There is a deeper problem, related to the distinction between what Lonergan calls classical and statistical heuristic structures. The former he defines as properly prescientific, the latter as properly. Prescientific, classical, structures, seek invariant rules: no Galilean fisherman could have written something like the Gospel of John, ever. This invariance is necessary, for absent that invariance the conclusion would not follow from the major and minor. That means that if I can show but one example of a Galilean fisherman who could have written something like the Gospel of John then I have proven the major to be unsound.
Once we shift to scientific, statistical, thinking, then for the major premise to be sound the probability of such a person having existed must be zero.

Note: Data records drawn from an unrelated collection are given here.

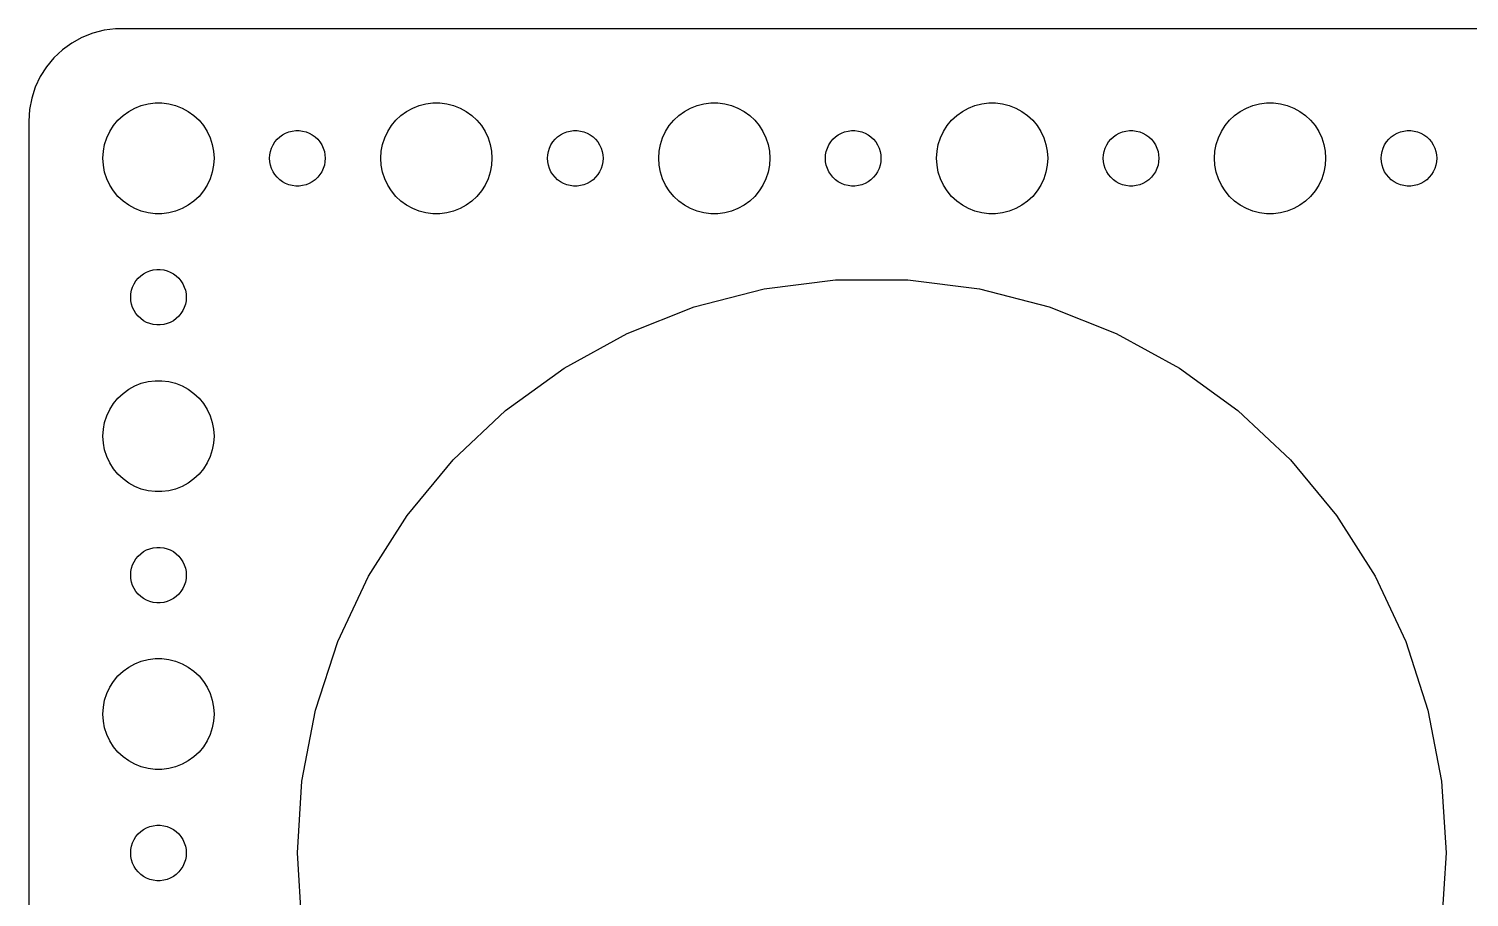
# Model space of a CAD drawing. Header units: metres. Extents: x -180 to 180, y -44 to 44.
# Drawn here: x -179.5 to -101.8, y -2.4 to 44.5 of the extents above; entities that cross this region are included whole.
import ezdxf

# ---------------------------------------------------------------- set-up
doc = ezdxf.new("R2010")
doc.units = ezdxf.units.M

msp = doc.modelspace()

# ---------------------------------------------------------------- linework, layer by layer
for p, q in [((-175.437, 44.4114), (-176.045, 44.2553)), ((-174.814, 44.4901), (-175.437, 44.4114)), ((174.814, 44.4901), (-174.814, 44.4901)), ((-177.179, 43.7216), (-177.687, 43.3526)), ((-176.629, 44.0241), (-177.179, 43.7216)), ((-176.045, 44.2553), (-176.629, 44.0241)), ((-178.145, 42.9227), (-178.545, 42.4389)), ((-177.687, 43.3526), (-178.145, 42.9227)), ((-178.545, 42.4389), (-178.882, 41.9088)), ((-179.149, 41.3406), (-179.343, 40.7434)), ((-178.882, 41.9088), (-179.149, 41.3406)), ((-179.343, 40.7434), (-179.461, 40.1267)), ((-173.427, 40.3532), (-173.062, 40.4469)), ((-173.062, 40.4469), (-172.688, 40.4941)), ((-172.688, 40.4941), (-172.312, 40.4941)), ((-172.312, 40.4941), (-171.938, 40.4469)), ((-171.938, 40.4469), (-171.573, 40.3532)), ((-158.427, 40.3532), (-158.062, 40.4469)), ((-158.062, 40.4469), (-157.688, 40.4941)), ((-157.688, 40.4941), (-157.312, 40.4941)), ((-157.312, 40.4941), (-156.938, 40.4469)), ((-156.938, 40.4469), (-156.573, 40.3532)), ((-143.427, 40.3532), (-143.062, 40.4469)), ((-143.062, 40.4469), (-142.688, 40.4941)), ((-142.688, 40.4941), (-142.312, 40.4941)), ((-142.312, 40.4941), (-141.938, 40.4469)), ((-141.938, 40.4469), (-141.573, 40.3532)), ((-128.427, 40.3532), (-128.062, 40.4469)), ((-128.062, 40.4469), (-127.688, 40.4941)), ((-127.688, 40.4941), (-127.312, 40.4941)), ((-127.312, 40.4941), (-126.938, 40.4469)), ((-126.938, 40.4469), (-126.573, 40.3532)), ((-113.427, 40.3532), (-113.062, 40.4469)), ((-113.062, 40.4469), (-112.688, 40.4941)), ((-112.688, 40.4941), (-112.312, 40.4941)), ((-112.312, 40.4941), (-111.938, 40.4469)), ((-111.938, 40.4469), (-111.573, 40.3532)), ((-179.461, 40.1267), (-179.5, 39.5)), ((-174.687, 39.5536), (-174.412, 39.8115)), ((-174.412, 39.8115), (-174.107, 40.033)), ((-174.107, 40.033), (-173.777, 40.2145)), ((-173.777, 40.2145), (-173.427, 40.3532)), ((-171.573, 40.3532), (-171.223, 40.2145)), ((-171.223, 40.2145), (-170.893, 40.033)), ((-170.893, 40.033), (-170.588, 39.8115)), ((-170.588, 39.8115), (-170.313, 39.5536)), ((-159.687, 39.5536), (-159.412, 39.8115)), ((-159.412, 39.8115), (-159.107, 40.033)), ((-159.107, 40.033), (-158.777, 40.2145)), ((-158.777, 40.2145), (-158.427, 40.3532)), ((-156.573, 40.3532), (-156.223, 40.2145)), ((-156.223, 40.2145), (-155.893, 40.033)), ((-155.893, 40.033), (-155.588, 39.8115)), ((-155.588, 39.8115), (-155.313, 39.5536)), ((-144.687, 39.5536), (-144.412, 39.8115)), ((-144.412, 39.8115), (-144.107, 40.033)), ((-144.107, 40.033), (-143.777, 40.2145)), ((-143.777, 40.2145), (-143.427, 40.3532)), ((-141.573, 40.3532), (-141.223, 40.2145)), ((-141.223, 40.2145), (-140.893, 40.033)), ((-140.893, 40.033), (-140.588, 39.8115)), ((-140.588, 39.8115), (-140.313, 39.5536)), ((-129.687, 39.5536), (-129.412, 39.8115)), ((-129.412, 39.8115), (-129.107, 40.033)), ((-129.107, 40.033), (-128.777, 40.2145)), ((-128.777, 40.2145), (-128.427, 40.3532)), ((-126.573, 40.3532), (-126.223, 40.2145)), ((-126.223, 40.2145), (-125.893, 40.033)), ((-125.893, 40.033), (-125.588, 39.8115)), ((-125.588, 39.8115), (-125.313, 39.5536)), ((-114.687, 39.5536), (-114.412, 39.8115)), ((-114.412, 39.8115), (-114.107, 40.033)), ((-114.107, 40.033), (-113.777, 40.2145)), ((-113.777, 40.2145), (-113.427, 40.3532)), ((-111.573, 40.3532), (-111.223, 40.2145)), ((-111.223, 40.2145), (-110.893, 40.033)), ((-110.893, 40.033), (-110.588, 39.8115)), ((-110.588, 39.8115), (-110.313, 39.5536)), ((-179.5, 39.5), (-179.5, -39.5)), ((-175.289, 38.6044), (-175.129, 38.9453)), ((-175.129, 38.9453), (-174.927, 39.2634)), ((-174.927, 39.2634), (-174.687, 39.5536)), ((-170.313, 39.5536), (-170.073, 39.2634)), ((-170.073, 39.2634), (-169.871, 38.9453)), ((-169.871, 38.9453), (-169.711, 38.6044)), ((-165.639, 38.8572), (-165.464, 38.9266)), ((-165.464, 38.9266), (-165.281, 38.9734)), ((-165.281, 38.9734), (-165.094, 38.997)), ((-165.094, 38.997), (-164.906, 38.997)), ((-164.906, 38.997), (-164.719, 38.9734)), ((-164.719, 38.9734), (-164.536, 38.9266)), ((-164.536, 38.9266), (-164.361, 38.8572)), ((-160.289, 38.6044), (-160.129, 38.9453)), ((-160.129, 38.9453), (-159.927, 39.2634)), ((-159.927, 39.2634), (-159.687, 39.5536)), ((-155.313, 39.5536), (-155.073, 39.2634)), ((-155.073, 39.2634), (-154.871, 38.9453)), ((-154.871, 38.9453), (-154.711, 38.6044)), ((-150.639, 38.8572), (-150.464, 38.9266)), ((-150.464, 38.9266), (-150.281, 38.9734)), ((-150.281, 38.9734), (-150.094, 38.997)), ((-150.094, 38.997), (-149.906, 38.997)), ((-149.906, 38.997), (-149.719, 38.9734)), ((-149.719, 38.9734), (-149.536, 38.9266)), ((-149.536, 38.9266), (-149.361, 38.8572)), ((-145.289, 38.6044), (-145.129, 38.9453)), ((-145.129, 38.9453), (-144.927, 39.2634)), ((-144.927, 39.2634), (-144.687, 39.5536)), ((-140.313, 39.5536), (-140.073, 39.2634)), ((-140.073, 39.2634), (-139.871, 38.9453)), ((-139.871, 38.9453), (-139.711, 38.6044)), ((-135.639, 38.8572), (-135.464, 38.9266)), ((-135.464, 38.9266), (-135.281, 38.9734)), ((-135.281, 38.9734), (-135.094, 38.997)), ((-135.094, 38.997), (-134.906, 38.997)), ((-134.906, 38.997), (-134.719, 38.9734)), ((-134.719, 38.9734), (-134.536, 38.9266)), ((-134.536, 38.9266), (-134.361, 38.8572)), ((-130.289, 38.6044), (-130.129, 38.9453)), ((-130.129, 38.9453), (-129.927, 39.2634)), ((-129.927, 39.2634), (-129.687, 39.5536)), ((-125.313, 39.5536), (-125.073, 39.2634)), ((-125.073, 39.2634), (-124.871, 38.9453)), ((-124.871, 38.9453), (-124.711, 38.6044)), ((-120.639, 38.8572), (-120.464, 38.9266)), ((-120.464, 38.9266), (-120.281, 38.9734)), ((-120.281, 38.9734), (-120.094, 38.997)), ((-120.094, 38.997), (-119.906, 38.997)), ((-119.906, 38.997), (-119.719, 38.9734)), ((-119.719, 38.9734), (-119.536, 38.9266)), ((-119.536, 38.9266), (-119.361, 38.8572)), ((-115.289, 38.6044), (-115.129, 38.9453)), ((-115.129, 38.9453), (-114.927, 39.2634)), ((-114.927, 39.2634), (-114.687, 39.5536)), ((-110.313, 39.5536), (-110.073, 39.2634)), ((-110.073, 39.2634), (-109.871, 38.9453)), ((-109.871, 38.9453), (-109.711, 38.6044)), ((-105.639, 38.8572), (-105.464, 38.9266)), ((-105.464, 38.9266), (-105.281, 38.9734)), ((-105.281, 38.9734), (-105.094, 38.997)), ((-105.094, 38.997), (-104.906, 38.997)), ((-104.906, 38.997), (-104.719, 38.9734)), ((-104.719, 38.9734), (-104.536, 38.9266)), ((-104.536, 38.9266), (-104.361, 38.8572)), ((-175.476, 37.876), (-175.406, 38.2461)), ((-175.406, 38.2461), (-175.289, 38.6044)), ((-169.711, 38.6044), (-169.594, 38.2461)), ((-169.594, 38.2461), (-169.524, 37.876)), ((-166.395, 38.0522), (-166.314, 38.2226)), ((-166.314, 38.2226), (-166.214, 38.3817)), ((-166.214, 38.3817), (-166.093, 38.5268)), ((-166.093, 38.5268), (-165.956, 38.6558)), ((-165.956, 38.6558), (-165.804, 38.7665)), ((-165.804, 38.7665), (-165.639, 38.8572)), ((-164.361, 38.8572), (-164.196, 38.7665)), ((-164.196, 38.7665), (-164.044, 38.6558)), ((-164.044, 38.6558), (-163.907, 38.5268)), ((-163.907, 38.5268), (-163.786, 38.3817)), ((-163.786, 38.3817), (-163.686, 38.2226)), ((-163.686, 38.2226), (-163.605, 38.0522)), ((-160.476, 37.876), (-160.406, 38.2461)), ((-160.406, 38.2461), (-160.289, 38.6044)), ((-154.711, 38.6044), (-154.594, 38.2461)), ((-154.594, 38.2461), (-154.524, 37.876)), ((-151.395, 38.0522), (-151.314, 38.2226)), ((-151.314, 38.2226), (-151.214, 38.3817)), ((-151.214, 38.3817), (-151.093, 38.5268)), ((-151.093, 38.5268), (-150.956, 38.6558)), ((-150.956, 38.6558), (-150.804, 38.7665)), ((-150.804, 38.7665), (-150.639, 38.8572)), ((-149.361, 38.8572), (-149.196, 38.7665)), ((-149.196, 38.7665), (-149.044, 38.6558)), ((-149.044, 38.6558), (-148.907, 38.5268)), ((-148.907, 38.5268), (-148.786, 38.3817)), ((-148.786, 38.3817), (-148.686, 38.2226)), ((-148.686, 38.2226), (-148.605, 38.0522)), ((-145.476, 37.876), (-145.406, 38.2461)), ((-145.406, 38.2461), (-145.289, 38.6044)), ((-139.711, 38.6044), (-139.594, 38.2461)), ((-139.594, 38.2461), (-139.524, 37.876)), ((-136.395, 38.0522), (-136.314, 38.2226)), ((-136.314, 38.2226), (-136.214, 38.3817)), ((-136.214, 38.3817), (-136.093, 38.5268)), ((-136.093, 38.5268), (-135.956, 38.6558)), ((-135.956, 38.6558), (-135.804, 38.7665)), ((-135.804, 38.7665), (-135.639, 38.8572)), ((-134.361, 38.8572), (-134.196, 38.7665)), ((-134.196, 38.7665), (-134.044, 38.6558)), ((-134.044, 38.6558), (-133.907, 38.5268)), ((-133.907, 38.5268), (-133.786, 38.3817)), ((-133.786, 38.3817), (-133.686, 38.2226)), ((-133.686, 38.2226), (-133.605, 38.0522)), ((-130.476, 37.876), (-130.406, 38.2461)), ((-130.406, 38.2461), (-130.289, 38.6044)), ((-124.711, 38.6044), (-124.594, 38.2461)), ((-124.594, 38.2461), (-124.524, 37.876)), ((-121.395, 38.0522), (-121.314, 38.2226)), ((-121.314, 38.2226), (-121.214, 38.3817)), ((-121.214, 38.3817), (-121.093, 38.5268)), ((-121.093, 38.5268), (-120.956, 38.6558)), ((-120.956, 38.6558), (-120.804, 38.7665)), ((-120.804, 38.7665), (-120.639, 38.8572)), ((-119.361, 38.8572), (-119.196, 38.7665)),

Not less than zero, for that is impossible, or greater than zero, for such would invalidate the conclusion. One might try to salvage the argument by rephrasing the major to read "No typical Galilean fisherman..." but that then raises a difficulty with the minor premise, namely: how do we know that John, son of Zebedee, was a typical Galilean fisherman? This is also to say that the nature of statistics is such that even if 99% of all Galilean fishermen were persons who could not have written something like the Gospel of John it does not follow that there is a 99% chance that John, son of Zebedee, would be such a person. It's an example of the coin flip problem: just because you flip a coin ten times and eight times it comes up heads it does not follow that the eleventh coin has a 80% chance of coming up heads; it in fact has a 50% chance; and even if that were not the case 80% is not 100%.
Now, let's be clear: I am not arguing here that John, son of Zebedee, wrote the Fourth Gospel. I am arguing that that in a scientific, statistically-oriented, enterprise such as biblical studies should be it is extremely difficult if not impossible to use deductive arguments from historical generalizations in order to prove a negative with regards to a particular instance. As such I have become increasingly persuaded over the years that Zebedean authorship might not be as out there as is often supposed. I am thinking that in the next little while I'm going to spend some time really thinking about how Zebedean authorship might help or might alternatively hinder our understanding of the Fourth Gospel and the traditions related to its origins.
Yeah, and no rural lout from Stratford could have written "Hamlet."